## DATA
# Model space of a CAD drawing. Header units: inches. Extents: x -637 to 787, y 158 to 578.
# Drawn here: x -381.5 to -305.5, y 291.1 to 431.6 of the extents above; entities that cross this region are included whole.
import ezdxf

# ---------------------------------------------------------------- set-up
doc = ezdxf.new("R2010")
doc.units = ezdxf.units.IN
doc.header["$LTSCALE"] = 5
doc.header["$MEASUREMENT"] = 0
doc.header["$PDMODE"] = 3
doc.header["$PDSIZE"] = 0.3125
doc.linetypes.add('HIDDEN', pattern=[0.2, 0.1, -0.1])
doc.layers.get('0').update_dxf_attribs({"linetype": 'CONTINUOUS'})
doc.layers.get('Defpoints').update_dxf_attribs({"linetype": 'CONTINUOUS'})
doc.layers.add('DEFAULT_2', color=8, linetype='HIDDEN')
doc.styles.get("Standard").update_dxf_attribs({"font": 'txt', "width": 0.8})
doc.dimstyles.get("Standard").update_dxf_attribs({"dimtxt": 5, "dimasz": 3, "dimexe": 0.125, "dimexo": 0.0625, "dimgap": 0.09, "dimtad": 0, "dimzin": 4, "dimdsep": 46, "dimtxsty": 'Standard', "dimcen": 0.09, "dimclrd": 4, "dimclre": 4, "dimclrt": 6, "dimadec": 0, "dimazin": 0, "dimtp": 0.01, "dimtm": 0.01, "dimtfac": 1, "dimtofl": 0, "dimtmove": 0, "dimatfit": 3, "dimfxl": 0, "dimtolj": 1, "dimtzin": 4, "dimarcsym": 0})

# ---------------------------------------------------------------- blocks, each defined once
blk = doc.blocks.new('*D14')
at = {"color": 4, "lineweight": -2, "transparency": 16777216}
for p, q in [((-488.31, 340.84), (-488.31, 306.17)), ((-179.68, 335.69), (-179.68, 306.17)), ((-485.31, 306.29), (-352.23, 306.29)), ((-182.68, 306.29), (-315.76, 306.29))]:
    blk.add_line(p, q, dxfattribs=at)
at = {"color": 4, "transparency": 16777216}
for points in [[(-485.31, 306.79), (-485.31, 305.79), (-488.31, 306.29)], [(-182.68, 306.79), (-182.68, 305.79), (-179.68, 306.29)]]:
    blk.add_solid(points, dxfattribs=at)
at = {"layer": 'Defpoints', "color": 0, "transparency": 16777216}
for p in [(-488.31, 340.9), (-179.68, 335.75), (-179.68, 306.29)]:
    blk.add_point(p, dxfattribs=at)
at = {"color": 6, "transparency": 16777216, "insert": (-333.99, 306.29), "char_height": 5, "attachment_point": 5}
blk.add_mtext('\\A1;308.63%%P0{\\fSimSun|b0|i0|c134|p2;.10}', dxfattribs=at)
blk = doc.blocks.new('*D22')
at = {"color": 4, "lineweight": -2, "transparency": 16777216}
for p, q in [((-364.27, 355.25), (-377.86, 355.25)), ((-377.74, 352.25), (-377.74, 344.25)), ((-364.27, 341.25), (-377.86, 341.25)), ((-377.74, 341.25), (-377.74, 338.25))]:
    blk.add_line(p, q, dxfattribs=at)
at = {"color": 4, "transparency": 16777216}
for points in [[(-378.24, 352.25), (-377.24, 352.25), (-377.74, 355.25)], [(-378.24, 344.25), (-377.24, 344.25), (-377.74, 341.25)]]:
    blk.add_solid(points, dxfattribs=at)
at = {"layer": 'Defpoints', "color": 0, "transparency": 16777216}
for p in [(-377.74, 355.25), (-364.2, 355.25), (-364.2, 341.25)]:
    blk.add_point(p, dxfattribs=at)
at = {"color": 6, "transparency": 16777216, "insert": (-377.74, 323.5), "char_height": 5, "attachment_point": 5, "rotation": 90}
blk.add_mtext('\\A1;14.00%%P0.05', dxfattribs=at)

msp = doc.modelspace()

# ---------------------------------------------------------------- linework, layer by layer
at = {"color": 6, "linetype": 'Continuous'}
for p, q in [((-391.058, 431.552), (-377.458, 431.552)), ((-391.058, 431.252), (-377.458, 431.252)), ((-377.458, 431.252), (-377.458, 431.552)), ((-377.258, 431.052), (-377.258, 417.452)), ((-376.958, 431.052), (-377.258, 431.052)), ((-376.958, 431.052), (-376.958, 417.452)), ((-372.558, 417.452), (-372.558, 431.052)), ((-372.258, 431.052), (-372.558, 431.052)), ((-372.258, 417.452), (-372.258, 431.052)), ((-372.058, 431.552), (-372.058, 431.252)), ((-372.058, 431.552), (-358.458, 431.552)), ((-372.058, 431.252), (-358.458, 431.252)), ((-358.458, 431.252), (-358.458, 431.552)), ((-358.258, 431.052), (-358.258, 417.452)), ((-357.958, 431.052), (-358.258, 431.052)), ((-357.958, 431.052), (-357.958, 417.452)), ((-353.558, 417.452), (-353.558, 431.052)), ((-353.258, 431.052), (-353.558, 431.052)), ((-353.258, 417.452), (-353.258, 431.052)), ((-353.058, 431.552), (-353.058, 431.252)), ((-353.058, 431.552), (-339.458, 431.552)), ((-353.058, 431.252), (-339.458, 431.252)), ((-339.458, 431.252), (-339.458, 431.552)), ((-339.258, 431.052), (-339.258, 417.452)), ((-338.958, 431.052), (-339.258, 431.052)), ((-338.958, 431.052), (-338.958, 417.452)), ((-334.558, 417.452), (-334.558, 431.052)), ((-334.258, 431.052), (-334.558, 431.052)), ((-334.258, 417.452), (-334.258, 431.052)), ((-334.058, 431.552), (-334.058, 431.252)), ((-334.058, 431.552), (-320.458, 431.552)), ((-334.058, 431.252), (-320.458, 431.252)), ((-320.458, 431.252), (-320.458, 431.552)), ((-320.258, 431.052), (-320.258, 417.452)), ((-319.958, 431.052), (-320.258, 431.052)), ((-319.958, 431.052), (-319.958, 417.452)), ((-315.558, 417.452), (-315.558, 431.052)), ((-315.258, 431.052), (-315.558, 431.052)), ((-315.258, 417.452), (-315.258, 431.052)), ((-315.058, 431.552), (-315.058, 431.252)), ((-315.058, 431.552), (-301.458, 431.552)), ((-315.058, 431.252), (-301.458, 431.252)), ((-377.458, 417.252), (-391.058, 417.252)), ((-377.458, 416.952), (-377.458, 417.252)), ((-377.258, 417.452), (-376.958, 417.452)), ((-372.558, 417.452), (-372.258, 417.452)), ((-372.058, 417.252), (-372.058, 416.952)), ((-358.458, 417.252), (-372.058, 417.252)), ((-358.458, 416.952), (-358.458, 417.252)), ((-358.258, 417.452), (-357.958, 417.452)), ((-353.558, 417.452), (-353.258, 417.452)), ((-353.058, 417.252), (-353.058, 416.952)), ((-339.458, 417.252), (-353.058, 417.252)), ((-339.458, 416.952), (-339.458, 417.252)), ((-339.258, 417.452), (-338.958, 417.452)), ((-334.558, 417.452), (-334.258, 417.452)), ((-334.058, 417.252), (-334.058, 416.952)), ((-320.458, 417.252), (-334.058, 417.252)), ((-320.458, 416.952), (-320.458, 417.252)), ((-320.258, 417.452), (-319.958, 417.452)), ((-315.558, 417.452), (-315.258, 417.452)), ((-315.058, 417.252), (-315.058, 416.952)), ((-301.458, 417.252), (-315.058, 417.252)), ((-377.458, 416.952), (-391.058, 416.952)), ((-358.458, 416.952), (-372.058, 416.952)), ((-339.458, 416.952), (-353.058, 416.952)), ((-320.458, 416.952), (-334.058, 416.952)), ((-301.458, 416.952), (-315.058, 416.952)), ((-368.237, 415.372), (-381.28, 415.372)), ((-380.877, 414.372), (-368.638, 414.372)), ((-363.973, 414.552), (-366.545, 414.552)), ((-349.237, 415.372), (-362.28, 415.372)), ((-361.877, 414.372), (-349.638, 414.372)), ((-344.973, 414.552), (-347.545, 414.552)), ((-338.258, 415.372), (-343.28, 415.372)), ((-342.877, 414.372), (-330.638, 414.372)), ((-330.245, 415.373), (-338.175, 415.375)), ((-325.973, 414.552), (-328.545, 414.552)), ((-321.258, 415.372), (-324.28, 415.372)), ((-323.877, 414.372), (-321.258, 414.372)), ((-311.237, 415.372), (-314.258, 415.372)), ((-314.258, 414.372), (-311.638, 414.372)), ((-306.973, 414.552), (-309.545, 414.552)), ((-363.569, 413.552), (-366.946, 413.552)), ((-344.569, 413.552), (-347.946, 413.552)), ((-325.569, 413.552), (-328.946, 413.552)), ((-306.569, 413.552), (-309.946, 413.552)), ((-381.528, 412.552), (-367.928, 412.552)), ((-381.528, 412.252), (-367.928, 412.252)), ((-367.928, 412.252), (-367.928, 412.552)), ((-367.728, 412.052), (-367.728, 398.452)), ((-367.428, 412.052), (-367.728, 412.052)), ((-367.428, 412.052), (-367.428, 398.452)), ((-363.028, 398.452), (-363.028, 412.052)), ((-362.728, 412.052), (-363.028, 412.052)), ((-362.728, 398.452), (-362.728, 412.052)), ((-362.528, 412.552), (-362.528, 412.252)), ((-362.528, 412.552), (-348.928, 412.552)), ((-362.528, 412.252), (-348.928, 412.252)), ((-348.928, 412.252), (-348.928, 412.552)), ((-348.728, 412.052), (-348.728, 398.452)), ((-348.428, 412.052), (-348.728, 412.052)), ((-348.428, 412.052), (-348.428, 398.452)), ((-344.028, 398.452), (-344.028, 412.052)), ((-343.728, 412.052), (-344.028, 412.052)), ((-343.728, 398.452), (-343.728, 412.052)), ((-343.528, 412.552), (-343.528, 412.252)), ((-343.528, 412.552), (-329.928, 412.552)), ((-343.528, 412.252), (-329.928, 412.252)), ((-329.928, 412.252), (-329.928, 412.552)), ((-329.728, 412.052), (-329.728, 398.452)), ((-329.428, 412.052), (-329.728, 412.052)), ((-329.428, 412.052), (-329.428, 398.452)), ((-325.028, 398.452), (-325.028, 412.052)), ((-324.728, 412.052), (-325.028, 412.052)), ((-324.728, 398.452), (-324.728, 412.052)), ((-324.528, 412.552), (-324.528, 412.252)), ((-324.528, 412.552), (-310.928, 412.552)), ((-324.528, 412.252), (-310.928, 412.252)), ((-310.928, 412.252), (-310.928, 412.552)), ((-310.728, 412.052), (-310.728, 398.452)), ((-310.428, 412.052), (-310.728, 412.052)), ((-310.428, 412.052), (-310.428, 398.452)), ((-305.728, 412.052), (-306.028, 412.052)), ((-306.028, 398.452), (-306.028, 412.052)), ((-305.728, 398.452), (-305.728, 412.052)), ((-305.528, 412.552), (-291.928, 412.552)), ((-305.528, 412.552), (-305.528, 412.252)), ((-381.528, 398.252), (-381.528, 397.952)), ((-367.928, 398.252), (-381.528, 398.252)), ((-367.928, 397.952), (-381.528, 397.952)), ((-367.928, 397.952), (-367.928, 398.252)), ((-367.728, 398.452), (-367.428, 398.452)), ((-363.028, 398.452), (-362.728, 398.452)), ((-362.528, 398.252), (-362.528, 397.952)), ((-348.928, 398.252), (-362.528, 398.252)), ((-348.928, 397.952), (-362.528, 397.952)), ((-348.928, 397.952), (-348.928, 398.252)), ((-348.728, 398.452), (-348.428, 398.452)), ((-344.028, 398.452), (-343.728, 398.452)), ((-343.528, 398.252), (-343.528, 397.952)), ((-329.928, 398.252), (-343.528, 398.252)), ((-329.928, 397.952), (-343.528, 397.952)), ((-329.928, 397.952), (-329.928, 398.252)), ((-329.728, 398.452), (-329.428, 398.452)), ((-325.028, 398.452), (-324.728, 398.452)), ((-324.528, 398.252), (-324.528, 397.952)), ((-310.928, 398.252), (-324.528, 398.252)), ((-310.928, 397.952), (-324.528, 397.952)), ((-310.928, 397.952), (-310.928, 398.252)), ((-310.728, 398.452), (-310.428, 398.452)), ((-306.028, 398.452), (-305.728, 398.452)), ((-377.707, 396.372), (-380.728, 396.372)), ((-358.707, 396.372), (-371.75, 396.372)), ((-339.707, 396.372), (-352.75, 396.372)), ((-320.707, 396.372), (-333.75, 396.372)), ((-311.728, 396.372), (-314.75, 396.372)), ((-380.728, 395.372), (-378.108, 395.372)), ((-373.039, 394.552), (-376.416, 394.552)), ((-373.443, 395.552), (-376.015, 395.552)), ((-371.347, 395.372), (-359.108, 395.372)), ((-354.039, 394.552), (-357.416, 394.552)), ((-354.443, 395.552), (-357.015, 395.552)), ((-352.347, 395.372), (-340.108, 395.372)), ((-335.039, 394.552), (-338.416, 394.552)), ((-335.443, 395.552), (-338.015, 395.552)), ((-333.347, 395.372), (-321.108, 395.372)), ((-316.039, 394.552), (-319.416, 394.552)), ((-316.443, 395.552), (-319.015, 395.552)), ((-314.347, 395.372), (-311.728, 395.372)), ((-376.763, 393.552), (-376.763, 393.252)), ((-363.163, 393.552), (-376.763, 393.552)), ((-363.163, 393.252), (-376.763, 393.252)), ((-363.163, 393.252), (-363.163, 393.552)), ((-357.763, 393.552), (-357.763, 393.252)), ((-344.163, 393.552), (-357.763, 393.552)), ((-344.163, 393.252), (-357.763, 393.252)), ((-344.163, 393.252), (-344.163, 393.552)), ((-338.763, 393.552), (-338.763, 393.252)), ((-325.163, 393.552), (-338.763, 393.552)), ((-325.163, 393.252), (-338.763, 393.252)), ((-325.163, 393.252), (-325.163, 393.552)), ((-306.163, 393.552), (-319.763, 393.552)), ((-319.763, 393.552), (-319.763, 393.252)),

## REQUIRED WORK
Whenever the string "color" shows up on a line of the listing, copy that line.

## SOLUTION TO THE PROBLEM
doc.layers.add('DEFAULT_2', color=8, linetype='HIDDEN')
at = {"color": 4, "lineweight": -2, "transparency": 16777216}
at = {"color": 4, "transparency": 16777216}
at = {"layer": 'Defpoints', "color": 0, "transparency": 16777216}
at = {"color": 6, "transparency": 16777216, "insert": (-333.99, 306.29), "char_height": 5, "attachment_point": 5}
at = {"color": 4, "lineweight": -2, "transparency": 16777216}
at = {"color": 4, "transparency": 16777216}
at = {"layer": 'Defpoints', "color": 0, "transparency": 16777216}
at = {"color": 6, "transparency": 16777216, "insert": (-377.74, 323.5), "char_height": 5, "attachment_point": 5, "rotation": 90}
at = {"color": 6, "linetype": 'Continuous'}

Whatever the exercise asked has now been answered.